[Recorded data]

++++++++++++++++++++

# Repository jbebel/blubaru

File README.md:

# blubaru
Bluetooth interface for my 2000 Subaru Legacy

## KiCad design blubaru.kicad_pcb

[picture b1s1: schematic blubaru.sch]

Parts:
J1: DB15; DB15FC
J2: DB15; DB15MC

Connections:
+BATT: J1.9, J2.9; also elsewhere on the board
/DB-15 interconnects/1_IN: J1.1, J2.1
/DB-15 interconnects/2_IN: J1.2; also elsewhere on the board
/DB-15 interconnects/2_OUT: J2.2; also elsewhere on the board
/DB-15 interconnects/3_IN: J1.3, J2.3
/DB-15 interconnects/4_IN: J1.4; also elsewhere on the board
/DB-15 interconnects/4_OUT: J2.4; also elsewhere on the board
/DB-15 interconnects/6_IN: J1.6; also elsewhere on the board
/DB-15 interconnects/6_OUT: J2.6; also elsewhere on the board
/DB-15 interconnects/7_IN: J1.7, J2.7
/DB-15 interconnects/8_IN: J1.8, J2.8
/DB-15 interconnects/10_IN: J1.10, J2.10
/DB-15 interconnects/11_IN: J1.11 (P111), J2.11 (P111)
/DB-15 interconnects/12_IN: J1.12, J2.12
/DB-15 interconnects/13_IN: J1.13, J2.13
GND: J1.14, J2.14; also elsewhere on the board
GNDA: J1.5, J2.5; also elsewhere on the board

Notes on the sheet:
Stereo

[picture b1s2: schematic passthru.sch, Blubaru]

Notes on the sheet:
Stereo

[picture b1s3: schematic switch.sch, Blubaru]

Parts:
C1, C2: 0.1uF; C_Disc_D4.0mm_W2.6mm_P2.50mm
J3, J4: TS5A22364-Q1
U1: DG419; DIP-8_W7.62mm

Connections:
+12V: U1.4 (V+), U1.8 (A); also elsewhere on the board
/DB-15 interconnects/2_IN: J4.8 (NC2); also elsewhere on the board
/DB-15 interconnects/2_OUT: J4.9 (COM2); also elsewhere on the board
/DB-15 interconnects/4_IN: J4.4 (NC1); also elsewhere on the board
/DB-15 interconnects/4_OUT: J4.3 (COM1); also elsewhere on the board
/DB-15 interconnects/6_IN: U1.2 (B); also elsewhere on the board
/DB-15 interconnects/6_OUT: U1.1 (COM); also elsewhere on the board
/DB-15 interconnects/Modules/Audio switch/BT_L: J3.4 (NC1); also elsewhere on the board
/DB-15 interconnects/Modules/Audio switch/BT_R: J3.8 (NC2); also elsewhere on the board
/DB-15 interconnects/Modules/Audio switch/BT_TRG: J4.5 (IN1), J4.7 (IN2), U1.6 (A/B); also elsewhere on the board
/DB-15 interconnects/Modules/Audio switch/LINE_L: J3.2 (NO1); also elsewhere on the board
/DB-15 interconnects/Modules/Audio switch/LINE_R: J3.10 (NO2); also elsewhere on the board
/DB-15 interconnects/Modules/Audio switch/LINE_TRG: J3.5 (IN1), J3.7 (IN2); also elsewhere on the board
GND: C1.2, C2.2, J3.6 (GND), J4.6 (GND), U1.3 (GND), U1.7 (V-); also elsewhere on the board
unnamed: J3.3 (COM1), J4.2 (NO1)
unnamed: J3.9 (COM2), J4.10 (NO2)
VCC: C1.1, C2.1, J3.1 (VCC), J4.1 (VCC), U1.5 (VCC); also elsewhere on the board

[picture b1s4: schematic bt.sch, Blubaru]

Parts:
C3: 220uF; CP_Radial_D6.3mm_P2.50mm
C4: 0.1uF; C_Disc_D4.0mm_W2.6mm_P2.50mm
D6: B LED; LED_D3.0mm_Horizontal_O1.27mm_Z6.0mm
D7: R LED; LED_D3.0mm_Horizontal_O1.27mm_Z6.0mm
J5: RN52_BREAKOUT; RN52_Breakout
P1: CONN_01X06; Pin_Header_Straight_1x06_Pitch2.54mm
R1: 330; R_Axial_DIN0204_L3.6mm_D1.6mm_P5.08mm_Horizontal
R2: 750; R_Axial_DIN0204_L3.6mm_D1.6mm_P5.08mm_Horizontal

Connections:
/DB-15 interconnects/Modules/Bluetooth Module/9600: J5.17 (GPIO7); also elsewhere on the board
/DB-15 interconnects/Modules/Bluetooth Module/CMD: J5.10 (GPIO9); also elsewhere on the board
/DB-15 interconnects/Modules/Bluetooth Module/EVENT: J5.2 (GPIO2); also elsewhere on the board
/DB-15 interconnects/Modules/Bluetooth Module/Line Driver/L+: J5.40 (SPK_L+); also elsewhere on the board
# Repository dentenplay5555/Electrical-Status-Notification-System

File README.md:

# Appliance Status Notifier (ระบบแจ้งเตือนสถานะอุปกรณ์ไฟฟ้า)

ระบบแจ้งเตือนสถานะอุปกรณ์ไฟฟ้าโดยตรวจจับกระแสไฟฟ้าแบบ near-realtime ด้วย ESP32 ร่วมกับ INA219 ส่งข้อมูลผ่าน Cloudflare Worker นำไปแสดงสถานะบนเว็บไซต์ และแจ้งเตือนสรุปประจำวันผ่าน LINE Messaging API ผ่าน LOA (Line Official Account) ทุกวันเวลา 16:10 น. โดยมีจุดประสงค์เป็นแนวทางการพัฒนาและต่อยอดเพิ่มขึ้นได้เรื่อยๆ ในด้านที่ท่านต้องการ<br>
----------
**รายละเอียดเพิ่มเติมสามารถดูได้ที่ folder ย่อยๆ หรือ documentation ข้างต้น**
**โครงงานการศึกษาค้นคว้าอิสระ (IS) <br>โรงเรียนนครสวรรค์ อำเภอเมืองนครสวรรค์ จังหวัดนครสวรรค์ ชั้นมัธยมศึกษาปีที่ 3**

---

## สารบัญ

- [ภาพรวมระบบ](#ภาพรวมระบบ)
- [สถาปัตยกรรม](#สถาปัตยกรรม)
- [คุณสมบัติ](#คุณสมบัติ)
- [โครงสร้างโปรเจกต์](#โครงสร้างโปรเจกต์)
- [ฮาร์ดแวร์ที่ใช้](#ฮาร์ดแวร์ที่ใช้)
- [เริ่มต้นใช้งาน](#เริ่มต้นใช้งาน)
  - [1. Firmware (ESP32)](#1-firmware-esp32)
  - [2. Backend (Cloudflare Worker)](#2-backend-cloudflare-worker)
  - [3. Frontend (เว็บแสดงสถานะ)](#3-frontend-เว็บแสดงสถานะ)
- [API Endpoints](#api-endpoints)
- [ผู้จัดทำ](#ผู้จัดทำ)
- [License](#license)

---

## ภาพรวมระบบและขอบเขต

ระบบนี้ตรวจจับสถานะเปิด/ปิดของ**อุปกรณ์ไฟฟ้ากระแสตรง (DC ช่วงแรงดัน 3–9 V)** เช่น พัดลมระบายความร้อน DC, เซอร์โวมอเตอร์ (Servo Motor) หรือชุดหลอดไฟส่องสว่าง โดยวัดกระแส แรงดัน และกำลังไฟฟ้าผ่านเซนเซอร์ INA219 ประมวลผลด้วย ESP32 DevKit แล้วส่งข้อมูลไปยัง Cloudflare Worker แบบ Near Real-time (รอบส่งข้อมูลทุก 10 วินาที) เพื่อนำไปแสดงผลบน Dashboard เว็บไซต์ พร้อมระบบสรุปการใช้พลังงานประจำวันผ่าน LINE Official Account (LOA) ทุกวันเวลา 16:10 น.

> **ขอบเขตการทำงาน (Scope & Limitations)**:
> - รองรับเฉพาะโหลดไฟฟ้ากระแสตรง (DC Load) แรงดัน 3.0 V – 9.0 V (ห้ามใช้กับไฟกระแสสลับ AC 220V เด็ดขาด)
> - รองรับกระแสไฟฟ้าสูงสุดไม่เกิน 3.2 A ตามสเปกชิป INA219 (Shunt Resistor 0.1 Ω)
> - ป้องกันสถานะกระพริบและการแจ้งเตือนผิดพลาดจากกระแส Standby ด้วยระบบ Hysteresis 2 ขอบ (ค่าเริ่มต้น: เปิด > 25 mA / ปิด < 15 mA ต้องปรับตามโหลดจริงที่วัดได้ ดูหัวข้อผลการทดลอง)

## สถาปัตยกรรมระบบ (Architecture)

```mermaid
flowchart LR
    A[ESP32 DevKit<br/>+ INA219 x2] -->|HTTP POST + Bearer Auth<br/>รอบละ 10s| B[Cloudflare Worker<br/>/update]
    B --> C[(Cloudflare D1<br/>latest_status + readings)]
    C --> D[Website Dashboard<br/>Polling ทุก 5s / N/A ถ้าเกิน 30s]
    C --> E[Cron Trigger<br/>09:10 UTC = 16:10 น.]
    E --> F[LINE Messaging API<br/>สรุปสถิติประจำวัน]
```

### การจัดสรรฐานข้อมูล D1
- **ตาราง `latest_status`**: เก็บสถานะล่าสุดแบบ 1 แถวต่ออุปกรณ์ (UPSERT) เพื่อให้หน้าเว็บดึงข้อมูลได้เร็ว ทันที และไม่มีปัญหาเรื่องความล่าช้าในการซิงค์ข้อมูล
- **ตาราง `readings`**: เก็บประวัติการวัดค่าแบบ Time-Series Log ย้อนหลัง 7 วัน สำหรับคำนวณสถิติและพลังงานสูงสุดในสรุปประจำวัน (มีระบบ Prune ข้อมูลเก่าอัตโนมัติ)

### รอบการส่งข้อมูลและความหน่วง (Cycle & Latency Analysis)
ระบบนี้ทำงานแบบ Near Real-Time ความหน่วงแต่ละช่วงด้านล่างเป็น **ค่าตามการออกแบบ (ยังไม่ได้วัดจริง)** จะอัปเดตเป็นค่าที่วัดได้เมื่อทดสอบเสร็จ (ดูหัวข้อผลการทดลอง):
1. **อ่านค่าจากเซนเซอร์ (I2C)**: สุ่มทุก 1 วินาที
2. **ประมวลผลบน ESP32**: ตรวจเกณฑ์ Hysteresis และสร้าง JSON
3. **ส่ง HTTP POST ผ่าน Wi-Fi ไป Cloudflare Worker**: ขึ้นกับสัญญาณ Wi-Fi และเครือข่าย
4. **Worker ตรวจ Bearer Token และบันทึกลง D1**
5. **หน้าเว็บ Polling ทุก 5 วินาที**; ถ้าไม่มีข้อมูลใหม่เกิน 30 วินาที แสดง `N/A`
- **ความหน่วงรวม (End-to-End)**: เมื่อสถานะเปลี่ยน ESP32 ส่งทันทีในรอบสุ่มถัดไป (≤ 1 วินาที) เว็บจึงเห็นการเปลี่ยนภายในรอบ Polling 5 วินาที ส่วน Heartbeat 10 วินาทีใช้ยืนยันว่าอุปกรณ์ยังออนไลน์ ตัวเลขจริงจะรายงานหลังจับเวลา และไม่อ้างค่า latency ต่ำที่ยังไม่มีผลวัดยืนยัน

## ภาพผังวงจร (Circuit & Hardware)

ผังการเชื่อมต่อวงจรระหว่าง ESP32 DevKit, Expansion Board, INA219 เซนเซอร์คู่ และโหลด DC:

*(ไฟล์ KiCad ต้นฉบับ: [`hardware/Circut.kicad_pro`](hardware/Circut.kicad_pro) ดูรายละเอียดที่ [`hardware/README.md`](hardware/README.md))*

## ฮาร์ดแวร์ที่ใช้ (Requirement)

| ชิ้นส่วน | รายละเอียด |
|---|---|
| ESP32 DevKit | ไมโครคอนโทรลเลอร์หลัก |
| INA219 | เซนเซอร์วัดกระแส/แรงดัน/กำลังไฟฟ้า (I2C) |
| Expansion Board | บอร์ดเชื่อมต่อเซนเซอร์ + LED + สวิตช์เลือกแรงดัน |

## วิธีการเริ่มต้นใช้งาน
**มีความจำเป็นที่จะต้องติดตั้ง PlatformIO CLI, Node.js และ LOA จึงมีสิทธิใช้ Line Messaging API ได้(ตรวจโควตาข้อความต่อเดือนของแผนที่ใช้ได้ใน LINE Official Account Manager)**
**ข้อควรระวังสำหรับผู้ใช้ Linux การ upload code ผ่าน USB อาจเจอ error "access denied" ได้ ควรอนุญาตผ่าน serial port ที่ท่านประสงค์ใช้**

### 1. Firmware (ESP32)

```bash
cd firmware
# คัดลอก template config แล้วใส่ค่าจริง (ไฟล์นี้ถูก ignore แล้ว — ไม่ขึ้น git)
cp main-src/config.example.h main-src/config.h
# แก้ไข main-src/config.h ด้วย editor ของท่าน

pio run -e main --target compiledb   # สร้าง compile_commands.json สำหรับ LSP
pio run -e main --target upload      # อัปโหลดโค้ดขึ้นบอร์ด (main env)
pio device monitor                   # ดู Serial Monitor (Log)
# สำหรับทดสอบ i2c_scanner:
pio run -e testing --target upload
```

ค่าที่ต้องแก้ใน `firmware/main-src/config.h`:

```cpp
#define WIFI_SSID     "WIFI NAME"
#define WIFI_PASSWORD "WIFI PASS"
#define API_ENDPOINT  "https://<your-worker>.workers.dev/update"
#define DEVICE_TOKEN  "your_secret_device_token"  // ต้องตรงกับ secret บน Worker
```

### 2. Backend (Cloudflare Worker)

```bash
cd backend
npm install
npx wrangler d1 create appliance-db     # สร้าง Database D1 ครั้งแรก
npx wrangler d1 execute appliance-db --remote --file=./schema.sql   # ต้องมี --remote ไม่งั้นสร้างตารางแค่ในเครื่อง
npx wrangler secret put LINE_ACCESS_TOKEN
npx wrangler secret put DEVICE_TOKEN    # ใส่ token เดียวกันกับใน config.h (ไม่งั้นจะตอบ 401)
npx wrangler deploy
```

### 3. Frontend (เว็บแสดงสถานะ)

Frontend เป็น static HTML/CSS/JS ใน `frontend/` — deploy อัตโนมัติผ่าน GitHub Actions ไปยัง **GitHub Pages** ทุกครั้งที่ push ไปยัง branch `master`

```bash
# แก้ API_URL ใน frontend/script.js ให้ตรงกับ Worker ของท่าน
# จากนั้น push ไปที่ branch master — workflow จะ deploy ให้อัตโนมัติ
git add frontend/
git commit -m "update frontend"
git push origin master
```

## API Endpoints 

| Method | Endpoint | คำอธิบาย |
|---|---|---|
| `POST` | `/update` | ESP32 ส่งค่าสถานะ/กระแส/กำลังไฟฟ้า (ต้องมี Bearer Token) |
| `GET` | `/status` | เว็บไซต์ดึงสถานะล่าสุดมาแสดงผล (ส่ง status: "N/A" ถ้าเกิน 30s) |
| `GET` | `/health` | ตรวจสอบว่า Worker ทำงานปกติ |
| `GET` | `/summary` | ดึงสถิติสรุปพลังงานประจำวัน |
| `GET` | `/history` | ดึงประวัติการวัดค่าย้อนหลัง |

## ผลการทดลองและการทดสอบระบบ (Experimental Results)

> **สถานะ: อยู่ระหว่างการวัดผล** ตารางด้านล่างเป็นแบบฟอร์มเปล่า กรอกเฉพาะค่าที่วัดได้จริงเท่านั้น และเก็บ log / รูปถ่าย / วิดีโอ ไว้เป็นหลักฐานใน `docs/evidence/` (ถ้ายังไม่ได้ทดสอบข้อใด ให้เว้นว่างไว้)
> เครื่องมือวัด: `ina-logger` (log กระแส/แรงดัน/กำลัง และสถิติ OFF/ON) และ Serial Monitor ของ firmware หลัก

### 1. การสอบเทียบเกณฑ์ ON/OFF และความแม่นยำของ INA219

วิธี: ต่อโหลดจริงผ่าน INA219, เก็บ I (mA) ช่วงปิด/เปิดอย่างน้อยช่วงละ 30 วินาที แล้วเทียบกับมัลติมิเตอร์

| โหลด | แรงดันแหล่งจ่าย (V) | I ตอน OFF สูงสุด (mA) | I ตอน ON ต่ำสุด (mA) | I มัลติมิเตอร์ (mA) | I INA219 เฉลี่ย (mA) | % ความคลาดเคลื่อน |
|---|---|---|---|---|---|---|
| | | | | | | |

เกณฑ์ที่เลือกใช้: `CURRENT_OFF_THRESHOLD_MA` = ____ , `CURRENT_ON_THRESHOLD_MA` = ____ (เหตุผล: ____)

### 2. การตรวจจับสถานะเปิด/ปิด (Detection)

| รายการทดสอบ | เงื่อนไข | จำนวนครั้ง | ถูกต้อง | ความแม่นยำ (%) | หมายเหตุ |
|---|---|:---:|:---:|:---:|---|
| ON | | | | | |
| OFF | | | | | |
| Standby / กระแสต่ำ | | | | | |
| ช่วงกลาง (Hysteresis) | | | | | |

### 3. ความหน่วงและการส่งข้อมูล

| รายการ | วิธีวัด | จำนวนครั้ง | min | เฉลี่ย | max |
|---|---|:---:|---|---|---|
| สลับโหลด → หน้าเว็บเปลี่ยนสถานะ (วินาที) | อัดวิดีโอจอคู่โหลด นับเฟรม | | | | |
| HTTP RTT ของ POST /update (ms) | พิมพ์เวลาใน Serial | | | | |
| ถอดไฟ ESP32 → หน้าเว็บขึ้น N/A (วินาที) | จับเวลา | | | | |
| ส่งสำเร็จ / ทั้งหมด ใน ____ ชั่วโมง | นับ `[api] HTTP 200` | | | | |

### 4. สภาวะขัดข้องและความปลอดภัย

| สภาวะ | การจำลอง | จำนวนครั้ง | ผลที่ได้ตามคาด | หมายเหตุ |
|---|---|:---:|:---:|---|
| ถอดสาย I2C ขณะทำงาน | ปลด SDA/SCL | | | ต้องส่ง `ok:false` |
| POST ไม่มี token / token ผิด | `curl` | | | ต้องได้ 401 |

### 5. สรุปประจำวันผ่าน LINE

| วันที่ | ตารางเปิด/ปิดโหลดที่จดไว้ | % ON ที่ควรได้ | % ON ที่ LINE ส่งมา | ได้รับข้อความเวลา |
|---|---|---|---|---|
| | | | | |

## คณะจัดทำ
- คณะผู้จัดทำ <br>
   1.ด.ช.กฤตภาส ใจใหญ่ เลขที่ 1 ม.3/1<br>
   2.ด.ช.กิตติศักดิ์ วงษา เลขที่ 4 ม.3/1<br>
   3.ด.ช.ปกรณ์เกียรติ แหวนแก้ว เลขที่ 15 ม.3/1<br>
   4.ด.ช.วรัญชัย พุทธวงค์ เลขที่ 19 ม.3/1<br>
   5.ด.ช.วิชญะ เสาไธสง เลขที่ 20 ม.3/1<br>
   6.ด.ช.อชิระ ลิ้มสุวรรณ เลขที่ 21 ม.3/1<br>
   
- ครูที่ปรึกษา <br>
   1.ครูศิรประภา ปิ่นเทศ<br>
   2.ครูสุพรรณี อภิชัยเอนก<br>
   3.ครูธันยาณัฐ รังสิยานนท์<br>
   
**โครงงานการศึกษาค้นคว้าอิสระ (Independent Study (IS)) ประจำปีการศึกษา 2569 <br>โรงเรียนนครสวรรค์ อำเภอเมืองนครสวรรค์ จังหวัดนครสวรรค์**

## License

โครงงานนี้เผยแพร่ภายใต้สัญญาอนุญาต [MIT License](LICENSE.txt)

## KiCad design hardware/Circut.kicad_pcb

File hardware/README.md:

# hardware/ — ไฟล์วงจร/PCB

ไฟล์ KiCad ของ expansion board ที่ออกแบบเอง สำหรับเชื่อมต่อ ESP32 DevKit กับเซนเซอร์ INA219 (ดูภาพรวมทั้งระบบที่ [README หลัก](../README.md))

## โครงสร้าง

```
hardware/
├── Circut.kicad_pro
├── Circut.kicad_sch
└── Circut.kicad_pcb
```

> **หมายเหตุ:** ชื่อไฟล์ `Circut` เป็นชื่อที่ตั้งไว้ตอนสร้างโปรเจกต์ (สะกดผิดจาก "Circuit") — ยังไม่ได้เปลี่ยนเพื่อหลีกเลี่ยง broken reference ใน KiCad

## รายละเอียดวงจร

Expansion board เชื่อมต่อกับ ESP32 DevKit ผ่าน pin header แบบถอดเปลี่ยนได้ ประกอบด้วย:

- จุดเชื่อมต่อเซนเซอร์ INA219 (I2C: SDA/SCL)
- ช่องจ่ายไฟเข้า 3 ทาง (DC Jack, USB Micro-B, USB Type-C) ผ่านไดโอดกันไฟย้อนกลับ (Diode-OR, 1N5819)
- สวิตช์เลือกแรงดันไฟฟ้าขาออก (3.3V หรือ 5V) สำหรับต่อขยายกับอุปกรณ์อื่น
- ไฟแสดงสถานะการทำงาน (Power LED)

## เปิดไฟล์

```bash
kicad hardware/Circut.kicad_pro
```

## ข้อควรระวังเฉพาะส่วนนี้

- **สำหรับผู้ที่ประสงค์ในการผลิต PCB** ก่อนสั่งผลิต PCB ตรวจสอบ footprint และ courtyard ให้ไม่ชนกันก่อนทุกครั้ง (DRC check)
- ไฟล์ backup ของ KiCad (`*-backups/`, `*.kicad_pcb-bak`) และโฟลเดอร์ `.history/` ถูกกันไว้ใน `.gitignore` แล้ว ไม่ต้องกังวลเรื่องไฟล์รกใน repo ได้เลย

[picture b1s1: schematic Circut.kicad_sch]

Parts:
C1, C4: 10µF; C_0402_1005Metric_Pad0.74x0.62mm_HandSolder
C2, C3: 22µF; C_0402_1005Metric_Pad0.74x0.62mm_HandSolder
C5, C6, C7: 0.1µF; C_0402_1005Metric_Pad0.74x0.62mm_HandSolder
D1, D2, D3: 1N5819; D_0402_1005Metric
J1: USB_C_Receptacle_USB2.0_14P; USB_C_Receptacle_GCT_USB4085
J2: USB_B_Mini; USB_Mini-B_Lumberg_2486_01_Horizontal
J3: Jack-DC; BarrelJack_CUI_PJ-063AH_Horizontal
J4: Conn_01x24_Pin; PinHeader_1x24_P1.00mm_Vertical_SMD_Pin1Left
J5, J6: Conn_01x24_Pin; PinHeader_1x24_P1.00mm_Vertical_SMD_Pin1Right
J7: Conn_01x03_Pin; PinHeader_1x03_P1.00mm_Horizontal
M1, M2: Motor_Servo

++++++++++++++++++++

*GOAL OF THE EXERCISE*.
Give back exactly the lines above starting at the line where "Worker ทำงานปกติ |" appears and ending at the line where "### 2. การตรวจจับสถานะเปิด/ปิด (Detection)" appears, both included, with no other lines.

*SOLUTION BELOW*.
| `GET` | `/health` | ตรวจสอบว่า Worker ทำงานปกติ |
| `GET` | `/summary` | ดึงสถิติสรุปพลังงานประจำวัน |
| `GET` | `/history` | ดึงประวัติการวัดค่าย้อนหลัง |

## ผลการทดลองและการทดสอบระบบ (Experimental Results)

> **สถานะ: อยู่ระหว่างการวัดผล** ตารางด้านล่างเป็นแบบฟอร์มเปล่า กรอกเฉพาะค่าที่วัดได้จริงเท่านั้น และเก็บ log / รูปถ่าย / วิดีโอ ไว้เป็นหลักฐานใน `docs/evidence/` (ถ้ายังไม่ได้ทดสอบข้อใด ให้เว้นว่างไว้)
> เครื่องมือวัด: `ina-logger` (log กระแส/แรงดัน/กำลัง และสถิติ OFF/ON) และ Serial Monitor ของ firmware หลัก

### 1. การสอบเทียบเกณฑ์ ON/OFF และความแม่นยำของ INA219

วิธี: ต่อโหลดจริงผ่าน INA219, เก็บ I (mA) ช่วงปิด/เปิดอย่างน้อยช่วงละ 30 วินาที แล้วเทียบกับมัลติมิเตอร์

| โหลด | แรงดันแหล่งจ่าย (V) | I ตอน OFF สูงสุด (mA) | I ตอน ON ต่ำสุด (mA) | I มัลติมิเตอร์ (mA) | I INA219 เฉลี่ย (mA) | % ความคลาดเคลื่อน |
|---|---|---|---|---|---|---|
| | | | | | | |

เกณฑ์ที่เลือกใช้: `CURRENT_OFF_THRESHOLD_MA` = ____ , `CURRENT_ON_THRESHOLD_MA` = ____ (เหตุผล: ____)

### 2. การตรวจจับสถานะเปิด/ปิด (Detection)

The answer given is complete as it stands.